• [Directions]
Find each line below where the word "stroke" occurs, and copy it.
*** Opening of Data for this exercise ***
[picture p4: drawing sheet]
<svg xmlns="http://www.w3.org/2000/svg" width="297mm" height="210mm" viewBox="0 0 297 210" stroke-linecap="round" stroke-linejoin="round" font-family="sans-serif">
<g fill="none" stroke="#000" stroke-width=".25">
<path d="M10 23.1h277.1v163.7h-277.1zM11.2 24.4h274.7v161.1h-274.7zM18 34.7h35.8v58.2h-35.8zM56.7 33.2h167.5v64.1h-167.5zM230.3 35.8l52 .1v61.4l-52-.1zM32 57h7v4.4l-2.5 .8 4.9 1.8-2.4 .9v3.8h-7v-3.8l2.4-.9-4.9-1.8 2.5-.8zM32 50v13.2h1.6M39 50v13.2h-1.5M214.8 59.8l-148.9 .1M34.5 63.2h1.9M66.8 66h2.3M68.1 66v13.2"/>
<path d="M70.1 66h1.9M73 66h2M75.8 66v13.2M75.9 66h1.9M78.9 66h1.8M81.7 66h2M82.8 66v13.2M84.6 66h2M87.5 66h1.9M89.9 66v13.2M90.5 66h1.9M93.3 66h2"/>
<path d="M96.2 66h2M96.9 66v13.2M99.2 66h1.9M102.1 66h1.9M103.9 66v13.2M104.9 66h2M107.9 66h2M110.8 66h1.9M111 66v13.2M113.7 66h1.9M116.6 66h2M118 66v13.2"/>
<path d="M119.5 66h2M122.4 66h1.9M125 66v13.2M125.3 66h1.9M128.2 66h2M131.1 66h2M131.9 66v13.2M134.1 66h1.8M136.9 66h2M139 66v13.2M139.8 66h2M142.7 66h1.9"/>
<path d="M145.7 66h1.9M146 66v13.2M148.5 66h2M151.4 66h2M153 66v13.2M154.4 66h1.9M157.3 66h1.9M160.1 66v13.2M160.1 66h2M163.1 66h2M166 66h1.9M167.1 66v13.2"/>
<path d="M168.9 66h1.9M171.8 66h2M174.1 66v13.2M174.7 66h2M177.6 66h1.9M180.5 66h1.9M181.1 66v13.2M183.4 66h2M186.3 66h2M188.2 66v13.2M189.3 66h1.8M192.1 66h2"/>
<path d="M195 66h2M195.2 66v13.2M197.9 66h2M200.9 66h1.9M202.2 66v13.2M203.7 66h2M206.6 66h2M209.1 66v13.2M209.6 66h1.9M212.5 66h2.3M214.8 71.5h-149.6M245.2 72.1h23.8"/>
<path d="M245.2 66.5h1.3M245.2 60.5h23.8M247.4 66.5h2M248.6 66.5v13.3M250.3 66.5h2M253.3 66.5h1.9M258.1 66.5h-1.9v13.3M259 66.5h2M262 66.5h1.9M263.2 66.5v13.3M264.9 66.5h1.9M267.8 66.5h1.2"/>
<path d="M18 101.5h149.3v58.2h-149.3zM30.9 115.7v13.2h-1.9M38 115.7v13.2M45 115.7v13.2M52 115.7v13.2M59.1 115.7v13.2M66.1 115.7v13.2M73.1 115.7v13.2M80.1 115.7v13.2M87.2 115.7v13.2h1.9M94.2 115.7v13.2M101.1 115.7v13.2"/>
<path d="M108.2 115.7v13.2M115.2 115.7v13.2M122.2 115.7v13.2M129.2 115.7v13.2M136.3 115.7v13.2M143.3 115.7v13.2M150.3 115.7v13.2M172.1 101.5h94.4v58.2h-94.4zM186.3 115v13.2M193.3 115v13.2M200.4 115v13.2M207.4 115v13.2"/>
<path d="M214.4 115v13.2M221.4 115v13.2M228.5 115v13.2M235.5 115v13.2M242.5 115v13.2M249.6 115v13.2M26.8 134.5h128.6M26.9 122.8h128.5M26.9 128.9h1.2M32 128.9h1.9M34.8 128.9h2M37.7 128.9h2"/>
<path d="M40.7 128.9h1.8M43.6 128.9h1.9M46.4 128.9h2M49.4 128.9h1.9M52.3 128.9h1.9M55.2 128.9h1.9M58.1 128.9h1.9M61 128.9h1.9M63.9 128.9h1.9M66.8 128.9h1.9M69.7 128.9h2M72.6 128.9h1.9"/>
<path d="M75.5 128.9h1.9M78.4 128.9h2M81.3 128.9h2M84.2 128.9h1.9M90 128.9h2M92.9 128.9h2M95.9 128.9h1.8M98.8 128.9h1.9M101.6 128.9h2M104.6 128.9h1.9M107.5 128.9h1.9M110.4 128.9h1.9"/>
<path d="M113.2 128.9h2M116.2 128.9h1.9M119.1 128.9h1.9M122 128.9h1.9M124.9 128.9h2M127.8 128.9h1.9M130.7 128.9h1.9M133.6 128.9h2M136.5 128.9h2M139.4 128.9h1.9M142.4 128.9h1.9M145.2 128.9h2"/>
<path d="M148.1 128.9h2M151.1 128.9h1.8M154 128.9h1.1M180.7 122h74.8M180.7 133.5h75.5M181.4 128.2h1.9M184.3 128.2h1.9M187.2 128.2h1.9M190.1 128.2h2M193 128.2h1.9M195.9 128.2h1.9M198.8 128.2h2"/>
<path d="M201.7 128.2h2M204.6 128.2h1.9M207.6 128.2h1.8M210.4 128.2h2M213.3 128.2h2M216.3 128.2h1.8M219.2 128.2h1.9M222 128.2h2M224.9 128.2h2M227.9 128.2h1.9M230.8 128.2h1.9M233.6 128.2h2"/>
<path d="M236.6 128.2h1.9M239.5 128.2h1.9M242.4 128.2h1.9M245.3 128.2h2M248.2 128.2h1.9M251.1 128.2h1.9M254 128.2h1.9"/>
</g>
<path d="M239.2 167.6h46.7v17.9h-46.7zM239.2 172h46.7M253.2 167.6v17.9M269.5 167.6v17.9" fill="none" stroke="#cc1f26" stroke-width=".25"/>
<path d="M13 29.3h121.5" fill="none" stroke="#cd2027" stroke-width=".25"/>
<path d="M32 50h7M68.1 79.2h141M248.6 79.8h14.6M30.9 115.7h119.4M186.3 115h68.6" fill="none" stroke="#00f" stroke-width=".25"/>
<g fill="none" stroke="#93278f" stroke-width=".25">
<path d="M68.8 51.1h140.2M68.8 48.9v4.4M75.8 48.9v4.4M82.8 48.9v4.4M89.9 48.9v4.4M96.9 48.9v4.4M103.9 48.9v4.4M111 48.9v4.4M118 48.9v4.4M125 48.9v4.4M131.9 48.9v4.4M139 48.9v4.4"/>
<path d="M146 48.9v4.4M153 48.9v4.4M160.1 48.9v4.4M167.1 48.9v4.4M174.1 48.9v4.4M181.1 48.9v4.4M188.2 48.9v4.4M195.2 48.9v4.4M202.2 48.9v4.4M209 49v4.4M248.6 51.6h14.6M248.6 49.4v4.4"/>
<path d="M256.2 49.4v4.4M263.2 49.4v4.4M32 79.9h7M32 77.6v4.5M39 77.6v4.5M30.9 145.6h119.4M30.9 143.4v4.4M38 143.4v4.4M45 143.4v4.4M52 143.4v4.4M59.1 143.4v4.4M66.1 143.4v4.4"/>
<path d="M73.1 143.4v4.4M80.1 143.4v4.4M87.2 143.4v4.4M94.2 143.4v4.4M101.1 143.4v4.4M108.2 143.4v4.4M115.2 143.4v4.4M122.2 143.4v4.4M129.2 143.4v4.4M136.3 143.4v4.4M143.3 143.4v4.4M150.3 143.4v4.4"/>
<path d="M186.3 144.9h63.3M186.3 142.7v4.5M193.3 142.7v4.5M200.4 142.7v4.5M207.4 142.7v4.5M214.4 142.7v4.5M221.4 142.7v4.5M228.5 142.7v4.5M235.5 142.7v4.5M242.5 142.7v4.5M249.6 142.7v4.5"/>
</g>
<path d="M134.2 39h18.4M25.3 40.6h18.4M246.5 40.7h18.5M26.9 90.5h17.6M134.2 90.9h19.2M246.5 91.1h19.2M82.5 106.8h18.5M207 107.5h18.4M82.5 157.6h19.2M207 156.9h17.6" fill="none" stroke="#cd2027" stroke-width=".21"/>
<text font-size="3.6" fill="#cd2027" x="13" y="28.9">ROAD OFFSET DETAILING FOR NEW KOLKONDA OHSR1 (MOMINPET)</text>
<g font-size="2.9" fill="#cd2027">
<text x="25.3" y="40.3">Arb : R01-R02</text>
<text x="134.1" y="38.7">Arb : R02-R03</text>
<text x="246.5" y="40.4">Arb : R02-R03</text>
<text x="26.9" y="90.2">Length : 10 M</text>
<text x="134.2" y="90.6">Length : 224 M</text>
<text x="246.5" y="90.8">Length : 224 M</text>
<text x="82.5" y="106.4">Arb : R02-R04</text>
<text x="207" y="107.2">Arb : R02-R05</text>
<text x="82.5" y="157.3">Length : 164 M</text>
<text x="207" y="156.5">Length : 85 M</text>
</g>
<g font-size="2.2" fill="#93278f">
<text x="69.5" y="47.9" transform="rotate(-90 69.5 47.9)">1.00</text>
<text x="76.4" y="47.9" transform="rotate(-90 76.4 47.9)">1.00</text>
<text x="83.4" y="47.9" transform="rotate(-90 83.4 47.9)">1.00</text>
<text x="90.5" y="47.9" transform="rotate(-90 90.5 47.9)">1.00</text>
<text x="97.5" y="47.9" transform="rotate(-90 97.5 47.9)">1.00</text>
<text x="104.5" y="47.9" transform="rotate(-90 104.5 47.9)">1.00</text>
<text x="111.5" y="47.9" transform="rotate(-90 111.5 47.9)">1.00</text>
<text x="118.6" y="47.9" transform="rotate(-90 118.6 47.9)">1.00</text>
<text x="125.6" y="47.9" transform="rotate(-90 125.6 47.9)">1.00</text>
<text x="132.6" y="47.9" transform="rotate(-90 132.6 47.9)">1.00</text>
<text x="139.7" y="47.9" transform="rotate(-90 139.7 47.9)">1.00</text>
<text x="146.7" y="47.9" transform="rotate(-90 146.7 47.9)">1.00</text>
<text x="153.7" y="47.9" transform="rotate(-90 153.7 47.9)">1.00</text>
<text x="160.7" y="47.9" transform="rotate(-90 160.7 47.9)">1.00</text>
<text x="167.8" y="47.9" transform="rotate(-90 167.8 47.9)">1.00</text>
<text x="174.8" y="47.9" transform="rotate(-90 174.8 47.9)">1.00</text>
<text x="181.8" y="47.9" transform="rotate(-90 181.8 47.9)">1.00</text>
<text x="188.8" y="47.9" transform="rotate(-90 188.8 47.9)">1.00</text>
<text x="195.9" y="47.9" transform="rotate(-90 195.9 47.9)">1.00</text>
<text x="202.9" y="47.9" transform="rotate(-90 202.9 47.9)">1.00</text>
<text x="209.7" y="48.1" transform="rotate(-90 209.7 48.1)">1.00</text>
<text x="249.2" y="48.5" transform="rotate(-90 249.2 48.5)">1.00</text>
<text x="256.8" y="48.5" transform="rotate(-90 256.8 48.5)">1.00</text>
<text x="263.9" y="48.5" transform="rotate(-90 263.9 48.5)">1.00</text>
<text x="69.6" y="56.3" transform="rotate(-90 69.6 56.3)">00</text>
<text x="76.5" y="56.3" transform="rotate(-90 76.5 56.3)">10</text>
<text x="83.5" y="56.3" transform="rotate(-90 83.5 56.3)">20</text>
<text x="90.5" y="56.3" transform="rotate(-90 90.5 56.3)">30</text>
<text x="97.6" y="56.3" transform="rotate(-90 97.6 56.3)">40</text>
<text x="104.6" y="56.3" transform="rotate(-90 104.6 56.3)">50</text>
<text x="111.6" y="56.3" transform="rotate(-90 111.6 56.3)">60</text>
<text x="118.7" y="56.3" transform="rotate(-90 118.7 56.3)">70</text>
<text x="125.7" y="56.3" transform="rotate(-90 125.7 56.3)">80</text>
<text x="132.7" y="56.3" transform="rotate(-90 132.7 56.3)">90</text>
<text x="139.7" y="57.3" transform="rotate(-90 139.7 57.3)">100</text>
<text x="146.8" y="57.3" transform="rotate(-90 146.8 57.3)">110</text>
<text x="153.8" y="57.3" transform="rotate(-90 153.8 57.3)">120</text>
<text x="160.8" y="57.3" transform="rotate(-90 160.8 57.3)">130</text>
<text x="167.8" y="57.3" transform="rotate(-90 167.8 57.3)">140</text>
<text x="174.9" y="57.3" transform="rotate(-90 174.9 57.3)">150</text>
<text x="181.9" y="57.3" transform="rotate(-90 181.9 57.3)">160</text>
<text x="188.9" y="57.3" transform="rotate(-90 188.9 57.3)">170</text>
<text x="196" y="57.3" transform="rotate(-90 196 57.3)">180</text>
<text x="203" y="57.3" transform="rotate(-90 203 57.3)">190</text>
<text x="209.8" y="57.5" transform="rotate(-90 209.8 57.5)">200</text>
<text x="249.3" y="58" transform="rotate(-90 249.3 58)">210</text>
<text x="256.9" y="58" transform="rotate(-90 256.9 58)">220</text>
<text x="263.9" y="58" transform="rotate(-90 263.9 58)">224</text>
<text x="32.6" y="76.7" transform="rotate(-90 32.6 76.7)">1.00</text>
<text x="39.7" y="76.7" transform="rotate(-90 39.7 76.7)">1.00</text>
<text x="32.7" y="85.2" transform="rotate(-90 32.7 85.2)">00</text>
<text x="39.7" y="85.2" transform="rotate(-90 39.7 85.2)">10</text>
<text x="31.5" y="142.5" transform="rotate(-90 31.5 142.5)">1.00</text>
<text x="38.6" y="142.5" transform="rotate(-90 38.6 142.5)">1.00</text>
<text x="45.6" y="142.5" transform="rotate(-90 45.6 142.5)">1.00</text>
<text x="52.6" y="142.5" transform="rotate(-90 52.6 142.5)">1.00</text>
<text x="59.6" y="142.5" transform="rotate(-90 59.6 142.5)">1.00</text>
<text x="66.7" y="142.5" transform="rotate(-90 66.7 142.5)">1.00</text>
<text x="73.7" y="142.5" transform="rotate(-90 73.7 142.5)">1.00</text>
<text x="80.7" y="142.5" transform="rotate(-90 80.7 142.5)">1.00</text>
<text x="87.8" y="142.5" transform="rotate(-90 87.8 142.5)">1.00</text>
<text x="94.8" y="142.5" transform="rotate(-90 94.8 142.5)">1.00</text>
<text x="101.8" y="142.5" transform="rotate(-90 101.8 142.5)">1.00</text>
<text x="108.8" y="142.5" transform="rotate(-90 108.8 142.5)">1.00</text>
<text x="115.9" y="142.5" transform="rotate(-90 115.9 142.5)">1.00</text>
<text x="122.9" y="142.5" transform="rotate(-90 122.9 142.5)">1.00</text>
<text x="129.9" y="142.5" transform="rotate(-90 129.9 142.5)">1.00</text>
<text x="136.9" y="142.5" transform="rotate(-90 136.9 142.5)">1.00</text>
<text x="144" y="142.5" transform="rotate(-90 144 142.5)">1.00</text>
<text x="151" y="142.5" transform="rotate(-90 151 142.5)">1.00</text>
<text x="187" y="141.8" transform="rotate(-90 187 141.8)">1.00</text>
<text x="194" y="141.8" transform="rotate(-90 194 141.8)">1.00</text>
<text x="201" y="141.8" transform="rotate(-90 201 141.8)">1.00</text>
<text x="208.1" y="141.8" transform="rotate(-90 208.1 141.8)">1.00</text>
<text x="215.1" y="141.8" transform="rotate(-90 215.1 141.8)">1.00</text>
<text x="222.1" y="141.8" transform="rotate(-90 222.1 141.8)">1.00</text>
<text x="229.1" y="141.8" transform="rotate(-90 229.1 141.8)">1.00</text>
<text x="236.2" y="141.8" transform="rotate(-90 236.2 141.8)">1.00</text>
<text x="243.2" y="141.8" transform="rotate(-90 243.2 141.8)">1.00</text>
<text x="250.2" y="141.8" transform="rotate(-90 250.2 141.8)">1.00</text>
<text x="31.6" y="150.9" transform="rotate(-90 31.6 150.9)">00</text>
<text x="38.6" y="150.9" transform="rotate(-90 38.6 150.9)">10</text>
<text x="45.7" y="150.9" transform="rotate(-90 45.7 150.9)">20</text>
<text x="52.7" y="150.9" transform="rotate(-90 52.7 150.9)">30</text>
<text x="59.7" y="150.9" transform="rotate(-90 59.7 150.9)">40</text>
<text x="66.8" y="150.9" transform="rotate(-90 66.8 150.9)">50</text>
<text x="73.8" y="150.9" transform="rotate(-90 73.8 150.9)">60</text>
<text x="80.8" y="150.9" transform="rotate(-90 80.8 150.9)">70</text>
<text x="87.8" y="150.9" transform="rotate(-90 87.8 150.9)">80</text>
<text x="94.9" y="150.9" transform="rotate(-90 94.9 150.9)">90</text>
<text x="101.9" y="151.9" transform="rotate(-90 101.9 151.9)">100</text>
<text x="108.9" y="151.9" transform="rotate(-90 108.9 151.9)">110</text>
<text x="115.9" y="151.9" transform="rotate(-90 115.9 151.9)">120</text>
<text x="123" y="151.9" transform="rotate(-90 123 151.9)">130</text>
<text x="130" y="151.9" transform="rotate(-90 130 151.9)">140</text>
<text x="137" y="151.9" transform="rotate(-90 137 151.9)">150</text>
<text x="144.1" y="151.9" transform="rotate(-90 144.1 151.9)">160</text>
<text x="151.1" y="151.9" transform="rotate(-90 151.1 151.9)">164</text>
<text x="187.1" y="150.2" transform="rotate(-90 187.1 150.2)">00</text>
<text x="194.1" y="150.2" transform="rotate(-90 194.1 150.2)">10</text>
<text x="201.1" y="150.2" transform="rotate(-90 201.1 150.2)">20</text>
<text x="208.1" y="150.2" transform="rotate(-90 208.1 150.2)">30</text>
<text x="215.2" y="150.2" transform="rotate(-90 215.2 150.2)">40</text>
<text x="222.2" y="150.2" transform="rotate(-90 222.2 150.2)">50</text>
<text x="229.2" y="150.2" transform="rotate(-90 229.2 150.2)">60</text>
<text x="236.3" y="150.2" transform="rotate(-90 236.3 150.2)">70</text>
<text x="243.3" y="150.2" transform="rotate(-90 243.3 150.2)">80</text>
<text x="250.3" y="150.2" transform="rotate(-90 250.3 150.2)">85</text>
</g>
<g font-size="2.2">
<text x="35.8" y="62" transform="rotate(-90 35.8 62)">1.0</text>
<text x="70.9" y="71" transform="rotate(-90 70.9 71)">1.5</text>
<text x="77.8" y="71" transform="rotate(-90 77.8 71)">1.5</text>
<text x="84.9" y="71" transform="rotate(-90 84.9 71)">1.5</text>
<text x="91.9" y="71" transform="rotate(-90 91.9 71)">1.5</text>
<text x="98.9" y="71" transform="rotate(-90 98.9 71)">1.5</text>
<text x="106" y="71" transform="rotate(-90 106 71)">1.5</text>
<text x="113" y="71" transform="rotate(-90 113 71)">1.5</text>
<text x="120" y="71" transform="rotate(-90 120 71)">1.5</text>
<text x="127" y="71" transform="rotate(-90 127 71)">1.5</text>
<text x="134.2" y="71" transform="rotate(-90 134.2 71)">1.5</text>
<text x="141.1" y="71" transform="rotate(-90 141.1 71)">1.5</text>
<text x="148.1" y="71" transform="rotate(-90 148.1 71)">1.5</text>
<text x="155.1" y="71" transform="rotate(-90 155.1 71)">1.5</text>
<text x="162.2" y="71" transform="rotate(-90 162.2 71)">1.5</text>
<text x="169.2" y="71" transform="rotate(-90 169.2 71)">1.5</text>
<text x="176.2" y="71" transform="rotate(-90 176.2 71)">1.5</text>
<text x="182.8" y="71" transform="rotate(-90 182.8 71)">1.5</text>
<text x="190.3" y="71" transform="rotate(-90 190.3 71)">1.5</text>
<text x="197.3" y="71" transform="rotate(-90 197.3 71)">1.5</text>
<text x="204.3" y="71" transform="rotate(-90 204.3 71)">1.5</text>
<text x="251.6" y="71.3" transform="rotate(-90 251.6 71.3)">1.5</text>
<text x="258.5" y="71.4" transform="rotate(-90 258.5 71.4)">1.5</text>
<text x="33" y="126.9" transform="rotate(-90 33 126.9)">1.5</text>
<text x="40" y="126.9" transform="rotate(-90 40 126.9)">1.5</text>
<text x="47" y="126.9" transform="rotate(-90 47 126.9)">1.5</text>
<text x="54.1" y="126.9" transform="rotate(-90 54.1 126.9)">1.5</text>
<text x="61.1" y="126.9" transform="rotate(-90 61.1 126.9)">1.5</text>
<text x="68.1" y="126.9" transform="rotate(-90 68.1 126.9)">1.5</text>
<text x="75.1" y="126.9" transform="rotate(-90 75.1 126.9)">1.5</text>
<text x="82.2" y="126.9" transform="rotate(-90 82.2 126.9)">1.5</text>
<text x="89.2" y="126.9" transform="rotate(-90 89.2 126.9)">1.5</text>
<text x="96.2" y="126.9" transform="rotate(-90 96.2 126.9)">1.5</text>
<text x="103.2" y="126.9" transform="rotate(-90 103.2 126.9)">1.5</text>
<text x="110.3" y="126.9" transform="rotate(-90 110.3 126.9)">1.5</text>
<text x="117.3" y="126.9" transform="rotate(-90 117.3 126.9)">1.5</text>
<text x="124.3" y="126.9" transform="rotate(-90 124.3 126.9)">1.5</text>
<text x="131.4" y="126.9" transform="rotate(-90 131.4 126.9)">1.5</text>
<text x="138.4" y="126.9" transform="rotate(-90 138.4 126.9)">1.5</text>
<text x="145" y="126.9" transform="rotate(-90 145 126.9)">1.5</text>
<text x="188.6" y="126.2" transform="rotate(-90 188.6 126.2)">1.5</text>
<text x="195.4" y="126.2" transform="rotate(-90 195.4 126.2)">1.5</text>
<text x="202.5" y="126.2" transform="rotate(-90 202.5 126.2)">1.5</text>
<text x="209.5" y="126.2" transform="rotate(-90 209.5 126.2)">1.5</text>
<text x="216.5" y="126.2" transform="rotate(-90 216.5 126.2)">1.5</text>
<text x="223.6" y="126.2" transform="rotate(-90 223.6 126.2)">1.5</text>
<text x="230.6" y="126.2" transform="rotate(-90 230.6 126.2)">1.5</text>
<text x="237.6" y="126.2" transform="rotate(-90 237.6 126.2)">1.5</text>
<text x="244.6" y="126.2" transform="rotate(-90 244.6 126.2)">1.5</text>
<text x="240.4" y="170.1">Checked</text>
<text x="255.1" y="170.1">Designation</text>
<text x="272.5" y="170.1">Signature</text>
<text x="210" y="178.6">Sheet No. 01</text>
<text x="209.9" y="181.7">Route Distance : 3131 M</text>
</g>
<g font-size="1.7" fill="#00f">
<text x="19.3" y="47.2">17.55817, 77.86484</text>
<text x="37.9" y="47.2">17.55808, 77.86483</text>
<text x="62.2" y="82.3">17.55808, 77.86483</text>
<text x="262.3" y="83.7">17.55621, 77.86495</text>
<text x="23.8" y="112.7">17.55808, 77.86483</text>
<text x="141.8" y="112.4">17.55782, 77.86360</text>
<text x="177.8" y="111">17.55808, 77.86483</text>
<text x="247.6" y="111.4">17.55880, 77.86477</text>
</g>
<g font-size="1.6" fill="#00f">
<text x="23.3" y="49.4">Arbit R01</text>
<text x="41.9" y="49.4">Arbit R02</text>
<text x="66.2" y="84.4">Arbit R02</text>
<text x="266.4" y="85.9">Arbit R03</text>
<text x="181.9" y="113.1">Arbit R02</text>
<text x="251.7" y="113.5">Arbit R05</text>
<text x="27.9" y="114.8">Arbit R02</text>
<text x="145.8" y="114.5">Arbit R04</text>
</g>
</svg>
*** Close of Data for this exercise ***
• [Result of the exercise]
<svg xmlns="http://www.w3.org/2000/svg" width="297mm" height="210mm" viewBox="0 0 297 210" stroke-linecap="round" stroke-linejoin="round" font-family="sans-serif">
<g fill="none" stroke="#000" stroke-width=".25">
<path d="M239.2 167.6h46.7v17.9h-46.7zM239.2 172h46.7M253.2 167.6v17.9M269.5 167.6v17.9" fill="none" stroke="#cc1f26" stroke-width=".25"/>
<path d="M13 29.3h121.5" fill="none" stroke="#cd2027" stroke-width=".25"/>
<path d="M32 50h7M68.1 79.2h141M248.6 79.8h14.6M30.9 115.7h119.4M186.3 115h68.6" fill="none" stroke="#00f" stroke-width=".25"/>
<g fill="none" stroke="#93278f" stroke-width=".25">
<path d="M134.2 39h18.4M25.3 40.6h18.4M246.5 40.7h18.5M26.9 90.5h17.6M134.2 90.9h19.2M246.5 91.1h19.2M82.5 106.8h18.5M207 107.5h18.4M82.5 157.6h19.2M207 156.9h17.6" fill="none" stroke="#cd2027" stroke-width=".21"/>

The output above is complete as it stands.